**STUDY MATERIAL**
════════════════════
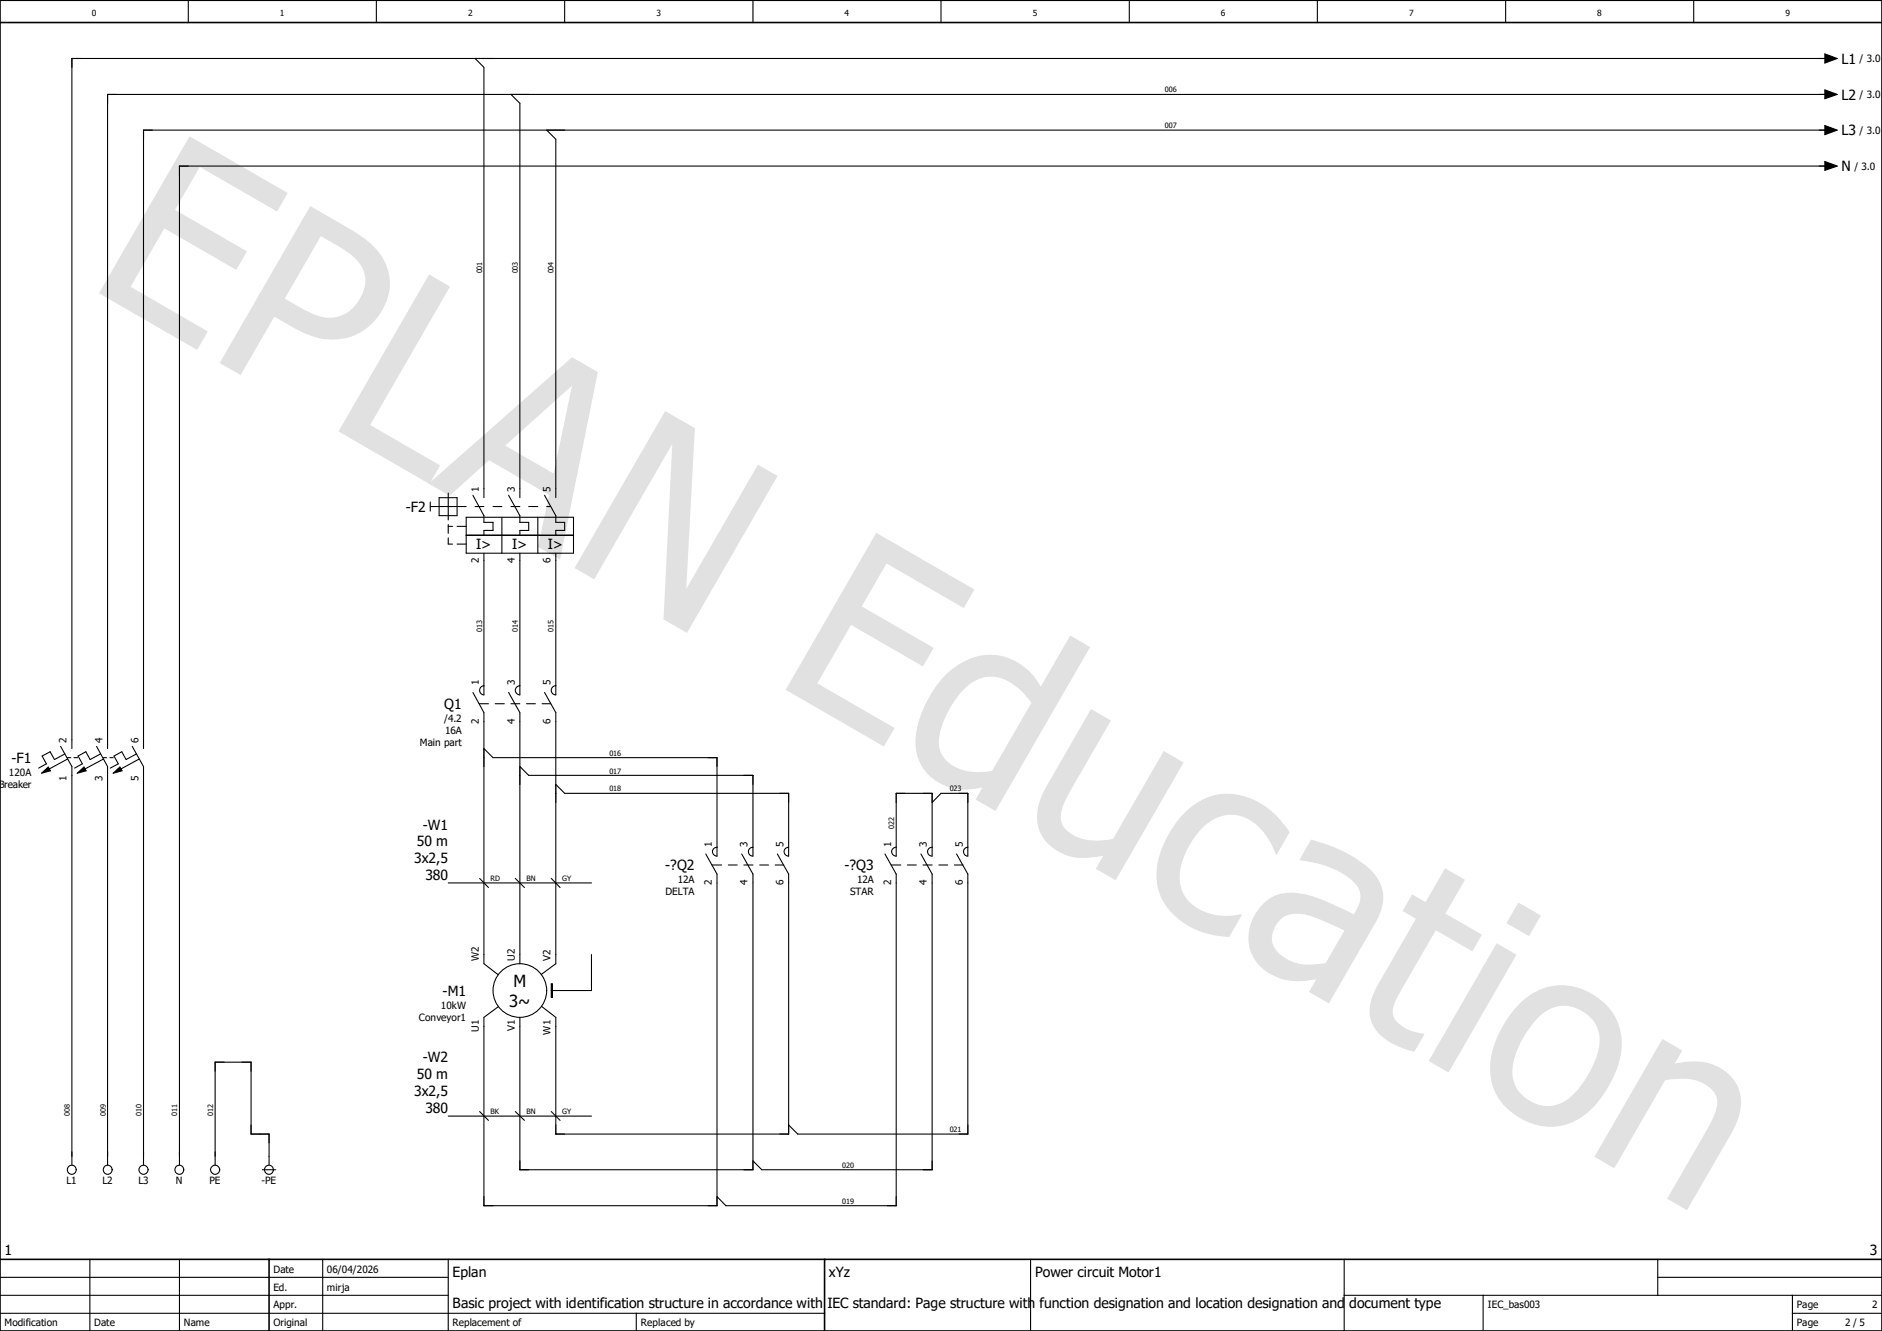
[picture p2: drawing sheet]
<svg xmlns="http://www.w3.org/2000/svg" width="297mm" height="210mm" viewBox="0 0 297 210" stroke-linecap="round" stroke-linejoin="round" font-family="sans-serif">
<path d="M210.1 -.1l-210.1 210.2M0 160.4l70.2 49.6M0 210v.1" fill="none" stroke="#fff" stroke-width=".16"/>
<g fill="none" stroke="#000" stroke-width=".17">
<path d="M29.7 0v3.6M59.4 0v3.6M89.1 0v3.6M118.8 0v3.6M148.5 0v3.6M178.2 0v3.6M207.9 0v3.6M237.6 0v3.6M267.3 0v3.6M14.2 198.7v11.3M28.3 198.7v11.3M50.9 198.7v11.3"/>
<path d="M70.7 198.7v11.3M162.6 198.7v11.3M212.1 198.7v11.3M261.6 198.7v5.7M0 207.2h130.1M0 204.4h70.7M0 201.5h70.7M100.4 207.2v2.8M212.1 204.4h84.9M234.1 204.4v5.6M261.6 201.5h35.4M282.9 207.2h14.1"/>
<path d="M282.9 204.4v5.6"/>
</g>
<path d="M0 3.6h297M0 0h297v210h-297zM0 198.7h297M42.5 198.7v11.3M130.1 198.7v11.3" fill="none" stroke="#000" stroke-width=".25"/>
<path d="M29.9 21.5l15.5 9-1.7 2.9-12.2-7.1-3.9 6.8 11.4 6.6-1.7 2.9-11.4-6.6-5.3 9.3 12.2 7-1.7 2.9-15.5-8.9zM49 32.5l6.2 3.6a12.1 12.1 0 0 1 5.8 5.9 8.4 8.4 0 0 1-2.2 8.9 9.4 9.4 0 0 1-11.2 1.4l-4.3-2.3-5.3 9.2-3.3-1.9zM50.6 37.3l-5.7 9.8 2.3 1.3a8.8 8.8 0 0 0 5.6 1.7 6.1 6.1 0 0 0 4.7-6.9 7.2 7.2 0 0 0-3.6-4.1zM67.7 43.3l3.3 1.9-12.6 21.9 11.1 6.3-1.7 3-14.4-8.3zM67.6 76.3l22.7-19.9 4 2.3-5.9 29.6-3.5-2 1.8-8.2-9.5-5.5-6.2 5.6zM79.7 70.3l7.7 4.4 2.9-13.9zM105 64.9l4.7 2.7-1.4 25.3 11.3-19.6 3.1 1.8-14.3 24.8-3.7-2.2 1.4-27.6-12.3 21.3-3.1-1.8zM138.3 84.1l15.5 8.9-1.7 2.9-12.2-7-3.9 6.8 11.3 6.5-1.6 2.9-11.4-6.5-5.3 9.2 12.2 7.1-1.7 2.9-15.5-9zM149.4 106.4a9.3 9.3 0 0 1 9.9-2.5 9.8 9.8 0 0 1 5 4.4l4.6-8 3.1 1.8-14.9 25.9-3.1-1.8 1.1-1.9a8.7 8.7 0 0 1-9.1-2.7 8.4 8.4 0 0 1-1-8 18.7 18.7 0 0 1 4.4-7.2zM152.1 108.8a14 14 0 0 0-3.9 8.4 4.8 4.8 0 0 0 4.1 4.4 10.4 10.4 0 0 0 4.3 0l6.2-10.7a9.3 9.3 0 0 0-5.7-4.1 5.9 5.9 0 0 0-5 2zM172.2 111.9l3.1 1.8-6.4 11.1a8.6 8.6 0 0 0-1.5 4.4 4 4 0 0 0 3 3 10.8 10.8 0 0 0 5.2 .2l8.1-13.9 3.1 1.8-10.7 18.6-3.2-1.8 1.2-2.1a9.5 9.5 0 0 1-7.1-.7 6.3 6.3 0 0 1-2.9-8l1.1-2.4zM186.7 128.5a9.4 9.4 0 0 1 12.7-1.5 14.8 14.8 0 0 1 4.1 4.3l-2 3.5-.2-.1a9.9 9.9 0 0 0-4.8-5.7 6.1 6.1 0 0 0-7.2 2.1 12 12 0 0 0-3.1 7.5 6.1 6.1 0 0 0 5.1 5.7 10.3 10.3 0 0 0 4.5 0l.2 .1-2 3.5a12.3 12.3 0 0 1-10.6-6 10 10 0 0 1 .4-9.1l1.6-2.7zM201.9 145.2a3.6 3.6 0 0 0-.3 5 7.5 7.5 0 0 0 7.1 1.8l.5-.1 3-5.1-2.4-1.1a10.6 10.6 0 0 0-6-1.5 3.1 3.1 0 0 0-1.9 1zM206.9 132.5a20.8 20.8 0 0 1 9.9 5.3 6 6 0 0 1 .6 7.3l-7.7 13.2-3.1-1.8 1.1-2a10 10 0 0 1-7.9-1.2 6.7 6.7 0 0 1-1.1-9.9 6.4 6.4 0 0 1 7-2.3 36.2 36.2 0 0 1 7.9 3.2 4.3 4.3 0 0 0 .9-3.8 7.3 7.3 0 0 0-3.8-3.3 22.3 22.3 0 0 0-5.6-1.5zM222.9 141.1l2.1 1.2 3.1-5.3 3.1 1.8-3.1 5.4 5.8 3.3-1.5 2.6-5.8-3.3-5.1 8.9a10.4 10.4 0 0 0-1.7 3.8 2.96 2.96 0 0 0 2 2.7 7.7 7.7 0 0 0 2.8 .9l.2 .1-1.6 2.8-1.2-.4a9.5 9.5 0 0 1-5.2-3.6 5.6 5.6 0 0 1-.1-5.2l.8-1.5 6-10.3-2.2-1.3zM236.2 148.8l3.1 1.8-10.7 18.6-3.1-1.8zM239.6 142.4l3.6 2.1-1.9 3.2-3.6-2zM239.5 158.6a9.2 9.2 0 0 1 13.2-.7 9.2 9.2 0 0 1 2.5 10.8 15.8 15.8 0 0 1-6.3 8 9 9 0 0 1-9.8-.8 9 9 0 0 1-3.4-10.6 18.1 18.1 0 0 1 3.8-6.7zM242.6 160.7a15.1 15.1 0 0 0-3.9 7.7 5.6 5.6 0 0 0 3.4 5.6 5.6 5.6 0 0 0 6.4-1.5 15.5 15.5 0 0 0 3.9-7.7 5.6 5.6 0 0 0-6.9-5.9 6.3 6.3 0 0 0-2.9 1.8zM262.4 163.9l3.1 1.9-1.2 2a9.5 9.5 0 0 1 7.8 1.1 6.2 6.2 0 0 1 2.2 7.5l-1.1 2.5-7 12.1-3.1-1.9 6.1-10.5a11.7 11.7 0 0 0 1.8-4.5 3.6 3.6 0 0 0-2.5-3.3 9.8 9.8 0 0 0-5.7-.3l-8 13.8-3.2-1.8z" fill="#e1e1e1"/>
<g fill="none" stroke="#000" stroke-width=".17">
<path d="M75 9.2l1.4 1.4v67.9M80.6 14.9l1.4 1.4v62.2M288 8.5l1.9 .7-1.9 .7zM288 14.2l1.9 .7-1.9 .7zM288 19.8l1.9 .7-1.9 .8zM288.5 9.2h-277.2v108.9M288.5 14.9h-271.5v103.2M86.3 20.5l1.4 1.5v56.5M288 25.5l1.9 .7-1.9 .7zM288.5 20.5h-265.9v97.6M288.5 26.2h-260.2v157.7M67.9 79.9h5.7"/>
<path d="M67.9 79.2v1.4M69.3 78.5h2.8v2.9h-2.8zM70.7 77.8v4.2M74.6 78.1l1.8 3.3v1h1.4v1.3h-1.4v.8M75 79.9h1.4M77.8 79.9h1.4M80.3 78.1l1.7 3.3v1h1.4v1.3h-1.4v.8M80.6 79.9h1.4M83.4 79.9h1.5M85.9 78.1l1.8 3.3v1h1.4v1.3h-1.4v.8M86.3 79.9h.6M70.7 83.1h.7"/>
<path d="M70.7 84.9v1h.7M70.7 82.8v1.4M72.1 83.1h1.5M72.1 85.9h1.5M73.6 81.6h16.9v5.7h-16.9zM73.6 84.5h16.9M76.4 87.3v22.3a.72 .72 0 0 1-.7-.7 .72 .72 0 0 1 .7-.7M79.2 81.6v5.7M82 87.3v22.3a.72 .72 0 0 1-.7-.7 .72 .72 0 0 1 .7-.7M84.9 81.6v5.7M87.7 87.3v22.3a.72 .72 0 0 1-.7-.7 .72 .72 0 0 1 .7-.7M9.6 117.8l1.7 3.1v63"/>
<path d="M10.2 119l-1.6 .8-.7-1.2-1.3 .7 .7 1.2-1.2 .7M10.6 119.5h.6M10.7 119.8l-2.9 1.5M11.7 119.5h.5M15.2 117.8l1.8 3.1v63M15.9 119l-1.7 .8-.7-1.2-1.2 .7 .7 1.2-1.2 .7M16.3 119.5h.5M16.3 119.8l-2.9 1.5M17.4 119.5h.5M20.9 117.8l1.7 3.1v63M21.5 119l-1.6 .8-.7-1.2-1.2 .7 .7 1.2-1.3 .7M22 119.8l-2.9 1.5"/>
<path d="M74.6 109.3l1.8 3.1v39.7l2.2 1.7M75.6 111h1.5M76.4 118.1l1.4 1.4h35.4v15.6a.7 .7 0 0 1-.8-.7 .7 .7 0 0 1 .8-.7M78.1 111h1.5M80.3 109.3l1.7 3.1v39.7M80.6 111h1.4M83.1 111h1.4M85.6 111h1.3M85.9 109.3l1.8 3.1v39.7l-2.3 1.7M6.6 122l1-1 .4 .6zM12.2 122l1.1-1 .3 .6zM17.9 122l1-1 .4 .6z"/>
<path d="M70.7 139.3h22.6M75.7 138.6l1.4 1.4M81.3 138.6l1.5 1.4M82 120.9l1.4 1.4h35.4v12.8a.7 .7 0 0 1-.7-.7 .7 .7 0 0 1 .7-.7M87 138.6l1.4 1.4M87.7 123.8l1.4 1.4h35.4v9.9a.7 .7 0 0 1-.8-.7 .7 .7 0 0 1 .8-.7M111.4 134.7l1.8 3.2v52.3h-36.8v-29.7l2.3-1.7M112.4 136.5h1.5M114.9 136.5h1.4M117.1 134.7l1.7 3.2v46.7h-36.8v-24.1M117.4 136.5h1.4M119.9 136.5h1.4"/>
<path d="M122.3 136.5h1.4M122.7 134.7l1.8 3.2v41h-36.8v-18.4l-2.2-1.7M139.7 134.7l1.7 3.2v52.3h-26.8l-1.4-1.4M140.6 136.5h1.6M141.4 133.7a.7 .7 0 0 0-.7 .7 .7 .7 0 0 0 .7 .7v-9.9h5.7v9.9a.7 .7 0 0 1-.7-.7 .7 .7 0 0 1 .7-.7M143.2 136.5h1.4M145.3 134.7l1.8 3.2v46.7h-26.9l-1.4-1.4M145.7 136.5h1.4M147.1 126.6l1.4-1.4h4.2v9.9a.7 .7 0 0 1-.6-.7 .7 .7 0 0 1 .6-.7M148.2 136.5h1.4M150.6 136.5h1.4M151 134.7l1.7 3.2v41h-26.8l-1.4-1.4"/>
<path d="M87 155.2h.2v2.2h-.2zM87.1 155.2v2.2M93.3 150.6v5.7h-6.3M70.7 176.1h22.6M75.7 175.4l1.4 1.4M81.3 175.4l1.5 1.4M87 175.4l1.4 1.4M34 183.9v-16.3h5.6v11.3h2.9v5M41.4 184.6h2.1"/>
<circle cx="82" cy="156.3" r="4.2"/>
<circle cx="11.3" cy="184.6" r=".71"/>
<circle cx="17" cy="184.6" r=".71"/>
<circle cx="22.7" cy="184.6" r=".72"/>
<circle cx="28.3" cy="184.6" r=".71"/>
<circle cx="34" cy="184.6" r=".72"/>
<circle cx="42.4" cy="184.6" r=".71"/>
</g>
<path d="M288 8.5l1.9 .7-1.9 .7zM288 14.2l1.9 .7-1.9 .7zM288 19.8l1.9 .7-1.9 .8zM288 25.5l1.9 .7-1.9 .7zM6.6 122l1-1 .4 .6zM12.2 122l1.1-1 .3 .6zM17.9 122l1-1 .4 .6z" fill="#000"/>
<g font-size="2.6">
<text x="81" y="155.7">M</text>
<text x="80.3" y="158.9">3~</text>
</g>
<g font-size="2.2">
<text x="290.6" y="10">L1</text>
<text x="290.6" y="15.7">L2</text>
<text x="290.6" y="21.4">L3</text>
<text x="290.6" y="27">N</text>
<text x="64.1" y="80.8">-F2</text>
<text x="75.1" y="86.7">I&gt;</text>
<text x="80.8" y="86.7">I&gt;</text>
<text x="86.4" y="86.7">I&gt;</text>
<text x="70.1" y="111.9">Q1</text>
<text x="1.8" y="120.4">-F1</text>
<text x="66.7" y="130.9">-W1</text>
<text x="65.4" y="136.2">3x2,5</text>
<text x="65.8" y="133.5">50 m</text>
<text x="105" y="137.3">-?Q2</text>
<text x="133.3" y="137.3">-?Q3</text>
<text x="67.1" y="138.9">380</text>
<text x="69.8" y="157.1">-M1</text>
<text x="66.7" y="167.6">-W2</text>
<text x="65.4" y="173">3x2,5</text>
<text x="65.8" y="170.3">50 m</text>
<text x="67.1" y="175.6">380</text>
<text x=".7" y="198">1</text>
<text x="295.1" y="198">3</text>
<text x="71.4" y="201.5">Eplan</text>
<text x="130.8" y="201.5">xYz</text>
<text x="163.4" y="201.5">Power circuit Motor1</text>
<text x="71.4" y="206.5">Basic project with identification structure in accordance with IEC standard: Page structure with function designation and location designation and document type</text>
</g>
<g font-size="1.6">
<text x="293.5" y="9.8">/ 3.0</text>
<text x="293.5" y="15.5">/ 3.0</text>
<text x="293.5" y="21.1">/ 3.0</text>
<text x="292.7" y="26.8">/ 3.0</text>
<text x="75.6" y="77.6" transform="rotate(-90 75.6 77.6)">1</text>
<text x="81.2" y="77.6" transform="rotate(-90 81.2 77.6)">3</text>
<text x="86.9" y="77.6" transform="rotate(-90 86.9 77.6)">5</text>
<text x="75.6" y="88.9" transform="rotate(-90 75.6 88.9)">2</text>
<text x="81.2" y="88.9" transform="rotate(-90 81.2 88.9)">4</text>
<text x="86.9" y="88.9" transform="rotate(-90 86.9 88.9)">6</text>
<text x="70.1" y="113.9">/4.2</text>
<text x="75.6" y="108.2" transform="rotate(-90 75.6 108.2)">1</text>
<text x="81.2" y="108.2" transform="rotate(-90 81.2 108.2)">3</text>
<text x="86.9" y="108.2" transform="rotate(-90 86.9 108.2)">5</text>
<text x="10.5" y="117.2" transform="rotate(-90 10.5 117.2)">2</text>
<text x="16.2" y="117.2" transform="rotate(-90 16.2 117.2)">4</text>
<text x="21.8" y="117.2" transform="rotate(-90 21.8 117.2)">6</text>
<text x="66.3" y="117.7">Main part</text>
<text x="70.2" y="115.8">16A</text>
<text x="75.6" y="114.3" transform="rotate(-90 75.6 114.3)">2</text>
<text x="81.2" y="114.3" transform="rotate(-90 81.2 114.3)">4</text>
<text x="86.9" y="114.3" transform="rotate(-90 86.9 114.3)">6</text>
<text x="-.3" y="124.3">Breaker</text>
<text x="1.4" y="122.4">120A</text>
<text x="10.5" y="123.2" transform="rotate(-90 10.5 123.2)">1</text>
<text x="16.2" y="123.2" transform="rotate(-90 16.2 123.2)">3</text>
<text x="21.8" y="123.2" transform="rotate(-90 21.8 123.2)">5</text>
<text x="112.4" y="133.6" transform="rotate(-90 112.4 133.6)">1</text>
<text x="118" y="133.6" transform="rotate(-90 118 133.6)">3</text>
<text x="123.7" y="133.6" transform="rotate(-90 123.7 133.6)">5</text>
<text x="140.6" y="133.6" transform="rotate(-90 140.6 133.6)">1</text>
<text x="146.3" y="133.6" transform="rotate(-90 146.3 133.6)">3</text>
<text x="151.9" y="133.6" transform="rotate(-90 151.9 133.6)">5</text>
<text x="105" y="141.3">DELTA</text>
<text x="107" y="139.4">12A</text>
<text x="112.4" y="139.7" transform="rotate(-90 112.4 139.7)">2</text>
<text x="118" y="139.7" transform="rotate(-90 118 139.7)">4</text>
<text x="123.7" y="139.7" transform="rotate(-90 123.7 139.7)">6</text>
<text x="134.2" y="141.3">STAR</text>
<text x="135.3" y="139.4">12A</text>
<text x="140.6" y="139.7" transform="rotate(-90 140.6 139.7)">2</text>
<text x="146.3" y="139.7" transform="rotate(-90 146.3 139.7)">4</text>
<text x="151.9" y="139.7" transform="rotate(-90 151.9 139.7)">6</text>
<text x="75.6" y="151.6" transform="rotate(-90 75.6 151.6)">W2</text>
<text x="81.2" y="151.6" transform="rotate(-90 81.2 151.6)">U2</text>
<text x="86.9" y="151.6" transform="rotate(-90 86.9 151.6)">V2</text>
<text x="66.1" y="161.1">Conveyor1</text>
<text x="69.6" y="159.2">10kW</text>
<text x="75.6" y="162.8" transform="rotate(-90 75.6 162.8)">U1</text>
<text x="81.2" y="162.7" transform="rotate(-90 81.2 162.7)">V1</text>
<text x="86.9" y="163.2" transform="rotate(-90 86.9 163.2)">W1</text>
<text x="10.5" y="186.8">L1</text>
<text x="16.2" y="186.8">L2</text>
<text x="21.8" y="186.8">L3</text>
<text x="27.7" y="186.8">N</text>
<text x="33.1" y="186.8">PE</text>
<text x="41.3" y="186.8">-PE</text>
<text x="43.1" y="203.7">Ed.</text>
<text x="43.1" y="200.8">Date</text>
<text x="51.6" y="203.7">mirja</text>
<text x="51.6" y="200.8">06/04/2026</text>
<text x=".7" y="209.3">Modification</text>
<text x="14.9" y="209.3">Date</text>
<text x="29" y="209.3">Name</text>
<text x="43.1" y="209.3">Original</text>
<text x="43.1" y="206.5">Appr.</text>
<text x="71.4" y="209.3">Replacement of</text>
<text x="101.1" y="209.3">Replaced by</text>
<text x="234.8" y="206.5">IEC_bas003</text>
<text x="283.5" y="206.5">Page</text>
<text x="283.5" y="209.3">Page</text>
<text x="291.2" y="209.3">2 / 5</text>
<text x="295.4" y="206.5">2</text>
</g>
<g font-size="1.3">
<text x="14.5" y="2.5">0</text>
<text x="44.2" y="2.5">1</text>
<text x="73.9" y="2.5">2</text>
<text x="103.6" y="2.5">3</text>
<text x="133.3" y="2.5">4</text>
<text x="163" y="2.5">5</text>
<text x="192.7" y="2.5">6</text>
<text x="222.4" y="2.5">7</text>
<text x="252.1" y="2.5">8</text>
<text x="281.8" y="2.5">9</text>
</g>
<g font-size="1.2">
<text x="183.9" y="14.6">006</text>
<text x="183.9" y="20.2">007</text>
<text x="76.1" y="43.1" transform="rotate(-90 76.1 43.1)">001</text>
<text x="81.7" y="43.1" transform="rotate(-90 81.7 43.1)">003</text>
<text x="87.4" y="43.1" transform="rotate(-90 87.4 43.1)">004</text>
<text x="76.1" y="99.7" transform="rotate(-90 76.1 99.7)">013</text>
<text x="81.7" y="99.7" transform="rotate(-90 81.7 99.7)">014</text>
<text x="87.4" y="99.7" transform="rotate(-90 87.4 99.7)">015</text>
<text x="96.2" y="119.3">016</text>
<text x="96.2" y="122.1">017</text>
<text x="96.2" y="124.9">018</text>
<text x="149.9" y="124.9">023</text>
<text x="141.1" y="130.8" transform="rotate(-90 141.1 130.8)">022</text>
<text x="77.4" y="138.9">RD</text>
<text x="83.1" y="138.9">BN</text>
<text x="88.7" y="138.9">GY</text>
<text x="11" y="176.1" transform="rotate(-90 11 176.1)">008</text>
<text x="16.7" y="176.1" transform="rotate(-90 16.7 176.1)">009</text>
<text x="22.4" y="176.1" transform="rotate(-90 22.4 176.1)">010</text>
<text x="28" y="176.1" transform="rotate(-90 28 176.1)">011</text>
<text x="33.7" y="176.1" transform="rotate(-90 33.7 176.1)">012</text>
<text x="77.4" y="175.7">BK</text>
<text x="83.1" y="175.7">BN</text>
<text x="88.7" y="175.7">GY</text>
<text x="149.9" y="178.6">021</text>
<text x="132.9" y="184.3">020</text>
<text x="132.9" y="189.9">019</text>
</g>
</svg>
════════════════════
**WHAT THE EXERCISE ASKS**
Only the lines containing the string "none" are needed; pull them out of the records.

**ANSWER SPACE**
<path d="M210.1 -.1l-210.1 210.2M0 160.4l70.2 49.6M0 210v.1" fill="none" stroke="#fff" stroke-width=".16"/>
<g fill="none" stroke="#000" stroke-width=".17">
<path d="M0 3.6h297M0 0h297v210h-297zM0 198.7h297M42.5 198.7v11.3M130.1 198.7v11.3" fill="none" stroke="#000" stroke-width=".25"/>
<g fill="none" stroke="#000" stroke-width=".17">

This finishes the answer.